Na segunda-feira (7), autoras do gênero participaram de uma conversa sobre suas obras que se seguiram a duas mesas voltadas ao público infantil. Enquanto Zoe X, Lola Belluci e Nàna Páuvoli discutiam seus livros, crianças ainda aguardavam em uma fila ao lado do palco para conseguir autógrafos dos autores presentes nas atrações anteriores.
Zoe X, publicada pela Faro Editorial, é uma das autoras de maior destaque do gênero e ela também usa uma máscara escondendo a própria identidade, de forma parecida com os Ghostfaces que dominam essa edição.
A circulação de cosplays e pessoas fantasiadas não é uma novidade, mas vem chamando cada vez mais atenção pela forma como os limites entre o real e a ficção tem se confundido.
Em 2024, o "face claim" –prática popular nas redes que consiste em usar uma pessoa real para representar a aparência visual de um personagem– ganhou proporções inéditas com a autora de obras eróticas Kelly M.
A autora da Fruto Proibido foi à Bienal acompanhada do modelo austríaco Erand Arifi, que representava um personagem de seu "Desenfreados" como um avatar. O mesmo personagem aparece em uma ilustração dentro do livro usando uma máscara de Ghostface.
Neste ano, além do retorno de Kelly e Arifi –dessa vez na programação principal–, a autora Claudia Pereira foi ao estande da editora Cabana Vermelha acompanhada do tiktoker alemão Kenan Duman, que posa para a capa de seu livro "Até que Seja Minha", e a autora Bruna Pallazzo foi ao estande da Fruto Proibido com o ator espanhol Marià Casals, avatar de seu novo livro, "Envenenados".

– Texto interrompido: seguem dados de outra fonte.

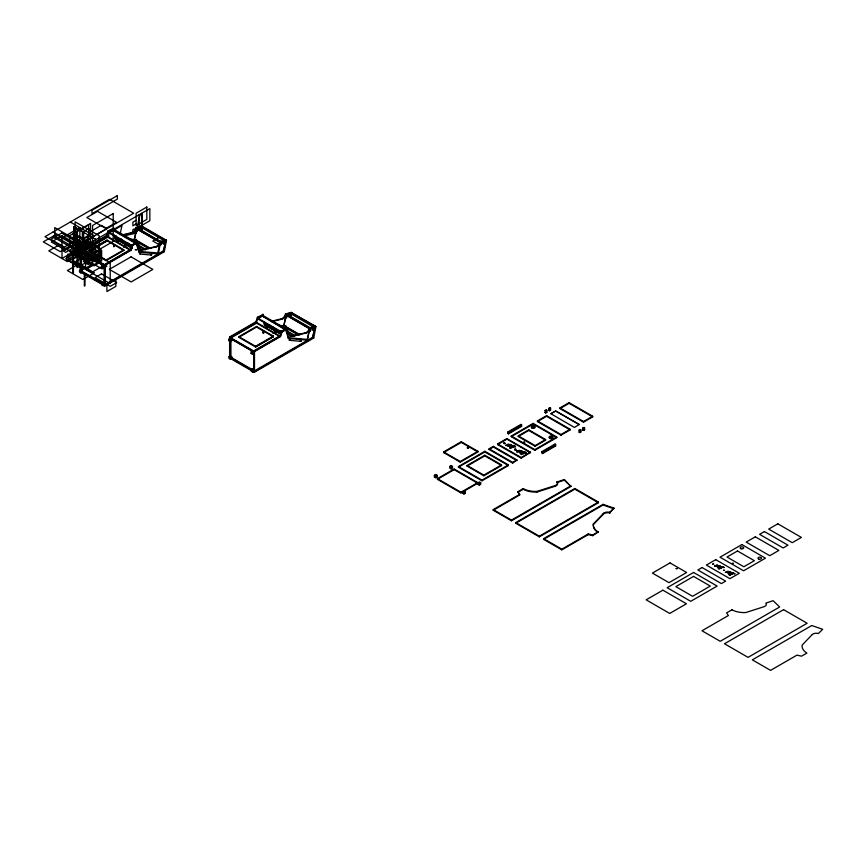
<?xml version="1.0" encoding="UTF-8"?>
<svg xmlns="http://www.w3.org/2000/svg" width="866" height="866" viewBox="0 0 866 866"><rect width="100%" height="100%" fill="white"/><g stroke="black" fill="none" stroke-linecap="round" stroke-linejoin="round"><path stroke-width="1.3" d="M603.44 513.462L603.44 514.123L603.548 513.354A4.731 2.728 0 0 1 609.664 512.336L613.962 508.136L603.05 504.348L543.61 538.674L543.61 539.323L561.839 549.856L588.241 534.614L592.777 535.664L598.168 531.897A17.601 10.165 0 0 1 593.394 523.919L603.548 513.354M121.554 239.492L120.526 238.572M123.243 240.9L124.022 241.755M124.498 241.722L125.267 242.469M272.693 327.229L273.472 328.041M274.825 328.636L273.948 327.9L274.728 328.766M280.768 331.288L281.017 331.819M132.855 241.192L136.168 242.307L135.486 242.383M128.558 243.627L129.608 244.645M273.569 327.943L272.844 327.077M150.099 248.596L134.36 239.579L136.612 227.834L142.349 226.427L141.862 228.949M134.36 239.579L137.131 227.899L160.686 241.506L158.478 253.013L139.004 251.443L136.633 242.556L131.87 245.468L108.304 231.871L108.304 232.532L131.87 246.128L136.103 243.032L112.515 229.447L108.304 231.871M141.31 229.111L141.775 226.091L166.478 240.358L164.302 251.703L104.862 286.018L80.733 272.086M159.788 242.274L159.355 244.515L160.037 244.916L161.119 244.591L161.552 242.35L160.881 241.95M162.938 243.487L163.609 243.876L164.042 241.625L163.371 241.235L164.464 240.921M165.915 239.99L163.154 251.66L163.706 251.508L165.915 239.99L160.167 241.441L157.666 253.868L138.722 252.179L139.004 251.443M299.549 334.882L283.821 325.865L286.061 314.12L291.799 312.713M283.821 325.865L286.581 314.185L310.136 327.792L307.376 339.461L309.627 327.727L315.365 326.309M290.749 314.899L291.225 312.377L315.928 326.644L313.752 337.989L254.312 372.304L229.609 358.048M290.76 315.397L291.81 312.68L291.312 315.235M310.58 330.877L311.013 328.636L310.331 328.246L309.238 328.56L308.805 330.801L310.58 330.877L309.898 330.487M312.388 329.773L313.07 330.163L313.503 327.911L312.821 327.521M314.813 326.439L312.604 337.946L315.365 326.276L291.257 312.832M120.017 234.545L121.987 225.452L108.726 233.116L108.726 236.624L83.385 251.248M142.273 229.62L142.273 213.75L139.816 215.169L135.919 233.084L132.173 233.452L133.061 229.403L136.124 228.646L160.459 242.664L165.135 241.311M121.662 235.065L132.054 232.51A4.731 2.728 -60 0 0 135.994 227.715L141.775 226.091M135.237 232.694L136.124 228.646A4.503 2.598 -60 0 1 132.173 233.452M164.302 251.703L163.728 251.367L104.288 285.693L104.288 264.639L130.69 249.397L132.043 244.937L137.434 241.82A17.601 10.165 -60 0 0 141.959 249.949L156.757 246.767A4.731 2.728 -60 0 0 160.697 241.971L166.478 240.358M271.112 321.351L281.504 318.796A4.731 2.728 -60 0 0 285.444 314.001L291.225 312.377M313.752 337.989L313.178 337.653L253.738 371.979L253.738 350.925L280.14 335.683L281.493 331.223L286.884 328.117A17.601 10.165 -60 0 0 291.409 336.235L306.207 333.053A4.731 2.728 -60 0 0 310.147 328.257L315.928 326.644M503.936 442.862L504.932 442.851L503.947 442.97M514.783 449.129L515.779 449.118M514.783 449.79L515.779 449.779M515.757 449.259L514.794 449.227M515.757 449.919L514.794 449.887M712.675 564.037L713.671 564.026M713.671 564.134L712.686 564.145M114.074 230.334A17.601 10.165 -60 0 1 113.879 228.223L107.914 231.006L106.561 235.465L80.159 250.707L80.159 270.441M80.159 250.707L80.733 251.043L107.135 235.801L108.477 231.341L113.879 228.223M104.862 286.018L104.862 264.974L131.264 249.733L132.617 245.273L138.008 242.155A17.601 10.165 -60 0 0 142.522 250.274M229.609 356.727L229.609 336.993L256.011 321.751L257.364 317.292L263.329 314.51A17.601 10.165 -60 0 0 263.524 316.62M229.609 336.993L230.183 337.329L256.585 322.087L257.938 317.627L263.329 314.51M253.738 350.925L254.312 351.26L280.714 336.019L282.067 331.559L287.458 328.441A17.601 10.165 -60 0 0 291.983 336.56M122.268 241.289L117.246 240.835L116.564 240.445L117.224 238.756M117.246 240.835L117.895 239.146M131.578 240.044L134.111 240.261L136.449 241.603L133.137 240.445L134.392 239.525L129.337 239.081M139.448 253.662L140.119 254.052L140.779 252.363L140.097 251.963M140.119 254.052L151.431 255.059L152.091 253.37L151.409 252.98M264.617 324.858L264.227 321.589M269.207 327.348L266.014 326.731L266.674 325.042M281.039 326.33L283.561 326.547L283.842 325.822L278.798 325.367M288.465 337.729L288.172 338.465L307.116 340.154L307.408 339.418L288.465 337.729L286.083 328.842L262.528 315.246L257.765 318.158L257.765 318.818L281.32 332.414L285.553 329.978L286.083 328.842M288.898 339.948L289.58 340.338L290.229 338.649L289.558 338.249M289.58 340.338L300.892 341.345L301.541 339.656L300.87 339.266M75.656 248.001L76.641 248.001M75.331 250.729L76.316 250.729M76.609 248.185L75.678 248.163M76.284 250.913L75.353 250.891M76.63 254.994L77.615 254.994M77.615 255.113L76.63 255.113M523.67 442.786L524.601 442.797M524.59 442.937L523.67 442.927M732.409 563.301L733.34 563.311M733.329 563.452L732.42 563.463M523.681 442.104L524.58 442.104M524.569 442.32L523.714 442.331M598.168 532.558A17.601 10.165 0 0 1 593.394 524.58L603.548 514.003A4.731 2.728 0 0 1 609.664 512.997L613.962 508.136M131.989 248.293L114.94 238.496L132.152 247.871M138.885 251.757L136.081 243.054M281.45 334.579L264.401 324.782L280.487 333.507M288.335 338.043L285.531 329.34L261.976 315.733L284.438 329.329M59.234 244.861L48.788 250.891L67.353 261.619L78.07 255.394L78.07 266.934L76.998 267.551L76.998 256.011M91.276 231.103L101.29 225.322L106.864 228.537L96.851 234.318M88.646 241.008L74.368 249.256L74.368 250.696L88.646 242.448L88.635 224.9L76.738 231.774L76.738 248.943L88.635 242.069M76.89 250.631L80.462 248.574L56.333 234.643L52.761 236.699L78.849 251.844L78.849 241.538L54.731 227.606L54.731 237.912M130.69 249.809L107.135 236.212L80.733 251.454L104.288 265.05L130.69 249.809L130.69 250.469L103.076 266.414L101.679 265.613L101.679 267.215L103.076 268.016L104.461 267.215M76.176 254.604L66.898 259.962L83.309 269.434L92.586 264.076L44.967 236.699L109.571 199.299L133.7 213.231L77.236 245.836L53.107 231.904M82.703 250.859L108.044 236.223L108.044 232.727M80.906 253.619L82.302 252.807L82.302 254.42L80.906 255.221L79.51 254.42L79.51 252.807L107.135 236.862L130.69 250.469M136.059 220.289L132.877 222.129L132.877 225.809L136.059 223.969M89.414 250.371L107.113 240.153L123.849 249.819L106.074 259.995L106.15 260.698L89.414 251.032L89.414 250.371L106.15 260.038M89.414 251.032L107.113 240.813L123.849 250.48L106.074 260.655M79.51 270.517L80.906 269.716L82.302 270.517L82.302 272.13L80.906 272.931L79.51 272.13L79.51 270.517L104.461 284.925L104.461 265.613L80.906 252.006L80.906 272.931M80.906 271.329L82.302 270.517M123.589 246.68L127.064 244.677M133.775 240.802L136.33 239.33M123.849 247.189L128.222 244.667M134.013 241.322L136.676 239.785M101.679 265.613L103.076 264.801L103.076 268.016M158.781 237.565L152.827 241.008L159.528 244.872L165.482 241.43L141.602 227.574L136.925 228.927L160.491 242.523L165.168 241.17M103.076 285.726L103.076 284.124L104.461 283.323L103.076 282.522L101.679 283.323L101.679 284.925L103.076 285.726L163.371 250.924L163.371 251.584M257.765 318.818L261.997 316.371M280.14 336.095L256.585 322.498L230.183 337.74L253.738 351.336L280.14 336.095L280.14 336.755L251.14 353.501L251.14 351.899L252.526 351.087M228.97 340.706L231.752 339.093L231.752 340.706L230.356 341.507L228.97 340.706L228.97 339.093L256.585 323.159L280.14 336.755M238.94 337.361L238.864 336.658L256.563 326.439L273.31 336.105L273.31 336.766L255.6 346.985L238.864 337.318L256.563 327.099L273.31 336.766M228.97 356.814L230.356 356.002L231.752 356.814L231.752 358.416L230.356 359.217L228.97 358.416L228.97 356.814L253.922 371.211L253.922 351.899L230.356 338.292L230.356 359.217M230.356 357.615L231.752 356.814M272.736 333.15L276.525 330.964M283.225 327.088L285.553 325.746M274.208 332.955L277.683 330.953M283.474 327.608L286.126 326.071M273.31 336.105L255.535 346.281L255.535 346.941L273.169 336.766L273.169 336.105M257.765 318.158L281.32 331.754L285.553 329.318M251.14 353.501L252.526 354.302L253.922 353.501L251.14 351.899M252.526 370.41L253.922 369.609L252.526 368.808L251.14 369.609L251.14 371.211L252.526 372.023L312.821 337.21L312.821 337.87M443.652 451.911L461.286 441.736L477.88 451.316L477.88 451.976L460.257 462.152L443.652 452.572L443.652 451.911L460.257 461.502L477.88 451.316M443.652 452.572L461.286 442.396L477.88 451.976M507.877 431.972L520.942 424.427L521.613 424.827L521.613 426.332L508.559 433.877L507.877 431.972L508.559 432.361L521.613 424.827M545.082 410.495L546.879 410.235L546.879 412.303L545.753 412.941L545.082 412.552L545.082 410.495L546.879 410.235M548.773 408.362L550.57 408.103L550.57 410.17L549.445 410.82L548.773 410.419L548.773 408.362L550.57 408.103M434.396 475.315L435.793 474.514L437.189 475.315L437.189 476.928L435.793 477.729L434.396 476.928L434.396 475.315L437.189 476.928M449.735 466.46L451.132 465.659L452.517 466.46L452.517 468.073L451.132 468.874L449.735 468.073L449.735 466.46L451.132 467.261L452.517 466.46M507.877 433.487L520.942 425.942L521.613 426.332M545.082 412.552L546.879 412.303M548.773 410.419L550.57 410.17M434.396 476.928L437.189 475.315M437.417 478.66L454.141 469.004L477.707 482.611L477.707 483.271L460.972 492.927L437.417 479.32L437.417 478.66L460.972 492.267L477.707 482.611M458.428 466.536L484.83 451.294L508.396 464.89L508.396 465.551L481.994 480.792L458.428 467.196L458.428 466.536L481.994 480.132L508.396 464.89M489.117 448.815L493.349 446.369L516.905 459.976L512.672 463.083L489.117 449.476L489.117 448.815L512.672 462.422L516.905 459.976M497.625 443.901L506.827 438.597L530.555 452.301L521.191 458.168L497.625 444.561L497.625 443.901L521.191 457.508L530.382 452.193M511.286 436.02L533.153 423.387L556.719 436.994L556.719 437.655L534.842 450.277L511.286 436.68L511.286 436.02L534.842 449.616L556.719 436.994M537.44 420.919L546.576 415.648L570.131 429.244L570.131 429.904L560.995 435.176L537.44 421.58L537.44 420.919L560.995 434.515L570.131 429.244M559.956 407.918L569.092 402.647L592.647 416.243L592.647 416.903L583.511 422.175L559.956 408.579L559.956 407.918L583.511 421.515L592.647 416.243M550.863 413.71L555.669 410.928L579.235 424.524L555.669 411.047L550.863 413.71L574.418 427.436L579.235 424.524M437.417 479.32L454.141 469.664L477.707 483.271M458.428 467.196L484.83 451.955L508.396 465.551M489.117 449.476L493.349 447.029L516.905 460.636M497.625 444.561L507 439.149L530.555 452.756M511.286 436.68L533.153 424.048L556.719 437.655M537.44 421.58L546.576 416.308L570.131 429.904M559.956 408.579L569.092 403.307L592.647 416.903M467.11 465.453L484.819 455.235L501.555 464.901L501.555 465.562L483.856 475.78L467.11 466.114L467.11 465.453L483.856 475.12L501.555 464.901M518.269 435.858L528.758 429.807L545.602 439.527L545.602 440.188L535.112 446.25L518.269 436.518L518.269 435.858L535.112 445.589L545.602 439.527M518.269 436.518L528.758 430.467L545.602 440.188M467.11 466.114L484.819 455.895L501.555 465.562M462.585 491.585L463.97 490.784L465.367 491.585L465.367 493.198L463.97 493.999L462.585 493.198L462.585 491.585L465.367 493.198M477.924 482.73L479.309 481.929L480.706 482.73L480.706 484.343L479.309 485.144L477.924 484.343L477.924 482.73L479.309 483.531L479.309 485.144M462.585 493.198L465.367 491.585M477.924 484.343L480.706 482.73M541.899 451.619L554.965 444.074L555.636 444.464L555.636 445.979L542.571 453.524L541.899 451.619L542.571 452.009L555.636 444.464M579.105 430.131L580.902 429.882L580.902 431.939L579.776 432.589L579.105 432.199L579.105 430.131L580.902 429.882M582.796 427.999L584.593 427.75L584.593 429.807L583.467 430.456L582.796 430.066L582.796 427.999L584.593 427.75M541.899 453.124L554.965 445.589L555.636 445.979M579.105 432.199L580.902 431.939M582.796 430.066L584.593 429.807M517.825 491.736L523.216 488.619A17.601 10.165 0 0 0 537.028 491.379L555.333 485.512A4.731 2.728 0 0 0 557.087 481.983L564.361 479.504L570.921 486.465L511.481 520.78L493.252 510.258L493.252 509.598L519.654 494.356L517.825 491.736L519.654 495.016L493.252 510.258M517.825 492.397L523.216 489.279A17.601 10.165 0 0 0 537.028 492.04L555.333 486.172A4.731 2.728 0 0 0 557.087 482.643L557.087 481.983M493.252 509.598L511.481 520.12L570.921 485.804M515.768 522.599L574.84 488.489L598.406 502.085L598.406 502.745L539.323 536.855L515.768 523.248L515.768 522.599L539.323 536.195L598.406 502.085M515.768 523.248L574.84 489.138L598.406 502.745M543.61 539.323L603.05 505.008L613.962 508.797M543.61 538.674L561.839 549.196L588.241 533.954L592.777 535.004L598.168 531.897M556.979 481.864L556.979 482.524L564.361 480.165L570.921 486.465M137.131 227.899L136.568 228.061A4.731 2.728 -60 0 1 132.628 232.835L123.513 235.087M142.349 226.394L141.797 226.546L165.363 240.153M136.904 229.057L141.58 227.704M142.251 228.094L140.487 228.029M160.686 241.506L160.134 241.668A4.731 2.728 -60 0 1 156.183 246.442L141.959 249.949M163.609 243.876L164.702 243.562L164.031 243.162M286.581 314.185L286.029 314.347A4.731 2.728 -60 0 1 282.078 319.121L271.686 321.687M291.03 313.99L286.354 315.343L309.92 328.95L314.618 327.456M291.712 314.39L289.937 314.315M310.136 327.792L309.584 327.954A4.731 2.728 -60 0 1 305.644 332.728L291.409 336.235M313.07 330.163L314.163 329.849L313.481 329.448M124.52 235.888L135.919 233.084M113.966 246.28C113.944 244.439 113.727 248.217 113.76 246.28M525.651 452.853L526.333 452.409L524.255 452.788L525.132 451.792L523.973 451.673L525.586 452.875L525.337 453.438L526.312 453.362L525.879 452.853M280.108 330.866L279.469 330.422M117.689 238.799L115.167 238.572L115.449 237.836L132.281 247.557M116.564 240.445L120.331 240.78M266.014 326.731L269.791 327.067M289.547 336.181L292.145 336.419M276.99 331.548L277.553 331.732M277.64 331.938L276.979 331.678M284.838 328.647L283.669 328.279M127.746 245.305L128.2 245.5M134.338 242.036L133.754 241.787M122.528 240.163L121.835 239.427M284.99 328.052L282.305 327.294L282.717 327.803M314.596 327.597L291.063 313.86L286.386 315.213L309.941 328.809M136.038 227.509L136.612 227.834M137.997 228.743L138.668 229.133L137.586 229.447L137.153 231.698L136.471 231.309M160.167 241.441L160.74 241.766M285.488 313.795L286.061 314.12M287.447 315.029L288.129 315.419L287.036 315.744L286.603 317.984L285.932 317.595M309.627 327.727L310.19 328.052M135.994 227.715L160.697 241.971M285.444 314.001L310.147 328.257M160.448 244.201L161.119 244.591M131.892 232.543L132.628 232.835M156.032 246.474L156.757 246.767M281.353 318.829L282.078 319.121M305.481 332.76L306.207 333.053M134.912 239.417L150.619 248.488M284.373 325.703L300.08 334.774M137.434 241.82L138.008 242.155M286.884 328.117L287.458 328.441M134.111 240.261L148.692 248.683M283.561 326.547L298.142 334.969M136.103 243.692L112.537 230.085L112.537 229.425L113.067 228.96L138.571 243.552L140.877 252.179L138.582 250.848M137.77 244.753L145.64 249.3M287.231 331.05L295.09 335.586M138.614 246.139L145.347 250.036M286.938 331.786L294.808 336.322M150.76 254.669L151.431 255.059M300.21 340.955L300.892 341.345M107.914 231.006L108.477 231.341M132.043 244.937L132.617 245.273M257.364 317.292L257.938 317.627M281.493 331.223L282.067 331.559M270.593 325.941L269.965 325.205M131.686 246.864L116.748 238.247L116.087 235.779M264.899 324.122L280.606 333.194M106.55 235.465L107.135 235.801M130.679 249.397L131.264 249.733M256.011 321.751L256.596 322.087M280.14 335.683L280.725 336.019M70.308 222.064L94.286 235.92L65.675 252.363L63.532 251.118L76.024 243.909L78.167 245.143M238.864 336.658L255.6 346.324L255.6 346.985M80.733 252.114L104.288 265.71M230.183 338.4L253.738 351.997M79.51 252.807L82.302 254.42M228.97 339.093L231.752 340.706M80.733 271.426L104.288 285.033M230.183 357.712L253.738 371.319M127.778 242.902L128.19 243.801L127.15 242.935M263.708 322.195L264.401 324.782M113.901 234.621L114.94 238.496M609.87 512.401L609.87 513.062M609.664 512.336L609.664 512.997M603.05 504.348L603.05 505.008M593.394 523.919L593.394 524.58M592.777 535.004L592.777 535.664M588.241 533.943L588.231 534.614M583.911 427.36L583.911 429.417M583.511 421.515L583.511 422.175M583.467 428.399L583.467 430.456M580.22 429.482L580.22 431.549M579.776 430.532L579.776 432.589M574.84 488.489L574.84 489.138M569.092 402.647L569.092 403.307M564.361 479.504L564.361 480.165M561.839 549.196L561.839 549.856M560.995 434.515L560.995 435.176M555.333 485.512L555.333 486.172M554.965 444.074L554.965 445.589M549.899 407.713L549.899 409.77M549.445 408.752L549.445 410.82M546.576 415.648L546.576 416.308M546.208 409.845L546.208 411.902M545.753 410.885L545.753 412.941M542.571 452.009L542.571 453.524M539.323 536.195L539.323 536.855M537.028 491.379L537.028 492.04M535.112 445.589L535.112 446.25M534.842 449.616L534.842 450.277M533.153 423.387L533.153 424.048M528.758 429.807L528.758 430.467M523.216 488.619L523.216 489.279M521.191 457.508L521.191 458.168M520.942 424.427L520.942 425.942M519.654 494.345L519.643 495.016M512.672 462.422L512.672 463.083M511.481 520.12L511.481 520.78M508.559 432.361L508.559 433.877M493.349 446.369L493.349 447.029M484.83 451.294L484.83 451.955M484.819 455.235L484.819 455.895M483.856 475.12L483.856 475.78M481.994 480.132L481.994 480.792M463.97 490.784L463.97 493.999M461.286 441.736L461.286 442.396M460.972 492.267L460.972 492.927M460.257 461.502L460.257 462.152M454.141 469.004L454.141 469.664M451.132 465.659L451.132 468.874M435.793 474.514L435.793 477.729M281.32 331.754L281.32 332.414M256.585 322.498L256.585 323.159M256.563 326.439L256.563 327.186M254.312 351.26L254.312 372.304M252.526 352.7L252.526 354.302M252.526 368.808L252.526 372.023M230.183 337.329L230.183 357.063M141.591 213.35L141.591 229.23M139.134 214.779L139.134 226.935L149.84 220.754L149.84 208.598L81.729 247.784L81.729 251.259L83.114 250.458L83.114 246.983M131.87 245.468L131.87 246.128M123.708 249.819L123.849 250.48M115.828 279.75L115.828 286.386L106.908 291.539L106.908 284.903M107.135 236.212L107.135 236.862M99.233 256.368L99.233 235.758L75.115 221.826L75.115 242.437L110.22 262.582L110.22 283.647L85.517 269.391L85.517 248.315M85.02 274.598L85.02 285.726L84.348 286.116L84.348 273.753M83.656 240.077L83.656 232.142L74.205 226.686L74.205 234.61L101.658 250.436L101.658 261.218L77.529 247.286L77.529 236.505M82.703 247.351L82.703 251.324M80.733 251.043L80.733 270.777M262.961 316.285A17.601 10.165 -60 0 1 262.755 314.185M113.5 229.999A17.601 10.165 -60 0 1 113.305 227.888M115.21 230.432A16.768 9.678 -60 0 1 115.146 229.403M555.138 485.577L555.138 486.237L555.128 485.577M79.769 242.772C80.819 245.403 81.133 241.56 79.78 242.686M505.82 445.514C509.24 446.239 505.755 443.652 505.831 445.449M507.671 444.723C510.962 445.752 507.941 442.743 507.671 444.723M507.866 445.958C509.154 446.759 510.637 445.351 510.648 447.127C512.921 448.815 507.887 448.642 510.669 447.949C508.786 447.592 510.529 445.893 507.866 445.958M507.866 445.297L509.381 445.34L507.877 445.265M509.728 445.167C514.999 446.953 509.587 442.97 509.728 445.135M510.778 446.196L512.293 446.239L510.788 446.131M511.514 446.737L513.029 446.748L511.514 446.737M511.514 447.397L513.018 447.441L511.514 447.365M513.073 446.196L515.227 445.979L515.519 447.008L514.382 447.094L513.982 445.254L513.073 446.196M516.666 451.771L518.182 451.825L516.677 451.738M516.666 451.11L518.182 451.164L516.677 451.089M518.528 450.991C520.639 451.597 520.628 452.42 522.014 453.795C520.13 456.155 521.981 452.821 520.098 453.622C521.267 452.095 518.518 452.896 518.864 451.327C522.057 450.472 518.269 449.833 518.528 450.959M520.574 450.775L522.09 450.818L520.585 450.742M520.574 451.435L523.14 451.879L520.585 451.403M521.624 452.453C523.995 452.236 524.569 454.672 522.371 453.752C523.93 453.643 522.761 451.792 521.635 452.42M714.558 566.028L716.074 566.072L714.569 565.963M716.409 565.238L717.925 565.292L716.42 565.206M716.615 566.472L718.12 566.516L716.615 566.44M717.665 567.49L719.17 567.533L717.665 567.457M718.39 568.691L719.906 568.745L718.401 568.659M718.466 565.682L719.982 565.704L718.466 565.682M719.516 566.71L721.032 566.754L719.527 566.678M720.252 567.912L721.768 567.955L720.263 567.847M721.811 566.71L723.023 566.743L721.822 566.656M723.056 567.436L724.268 567.468L723.078 567.36M725.405 572.285L726.92 572.339L725.416 572.253M727.267 571.506L728.771 571.528L727.267 571.506M727.462 572.729L728.977 572.751L727.462 572.729M728.512 573.757L730.027 573.801L728.523 573.725M729.248 574.959L730.752 575.002L729.259 574.894M729.313 571.95L730.828 571.993L729.324 571.917M730.374 572.967L731.878 573.021L730.374 572.935M731.099 574.18L732.614 574.223L731.11 574.147M732.658 572.978L733.87 573.011L732.679 572.902M733.913 573.693L735.115 573.736L733.913 573.671M67.613 254.388L69.172 254.452L67.635 254.323M76.695 251.952L77.745 251.995L76.706 251.909M79.51 257.527L81.068 257.559L79.52 257.494M135.345 249.722L136.601 249.744L135.345 249.722M262.69 332.198L263.881 332.977L262.69 332.901L263.784 332.014L262.701 332.143M467.413 447.408L468.625 447.43L467.413 447.386M467.413 448.068L468.625 448.09L467.413 448.047M676.151 568.583L677.364 568.637L676.162 568.529M282.554 326.601L285.899 327.889L282.554 326.601M503.936 443.5L504.932 443.598L503.936 443.5M723.532 570.283L724.528 570.369L723.532 570.283M812.286 634.518L802.133 645.094A17.601 10.165 0 0 0 806.906 653.072L801.515 656.179L796.98 655.129L770.578 670.371L752.348 659.838L811.788 625.523L822.7 629.311L818.402 633.511A4.731 2.728 0 0 0 812.286 634.518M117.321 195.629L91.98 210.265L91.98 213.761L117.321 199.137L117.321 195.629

Tanto Duman quanto Casals usavam crachás oficiais do evento com seus nomes e a editora que os convidou indicados. Para Maria Alexandra Gonzaga, autora da Cabana Vermelha que assina como Mary Ally G., é preciso diferenciar os avatares dos homens mascarados. Ela considera o episódio na Fruto Proibido desrespeitoso.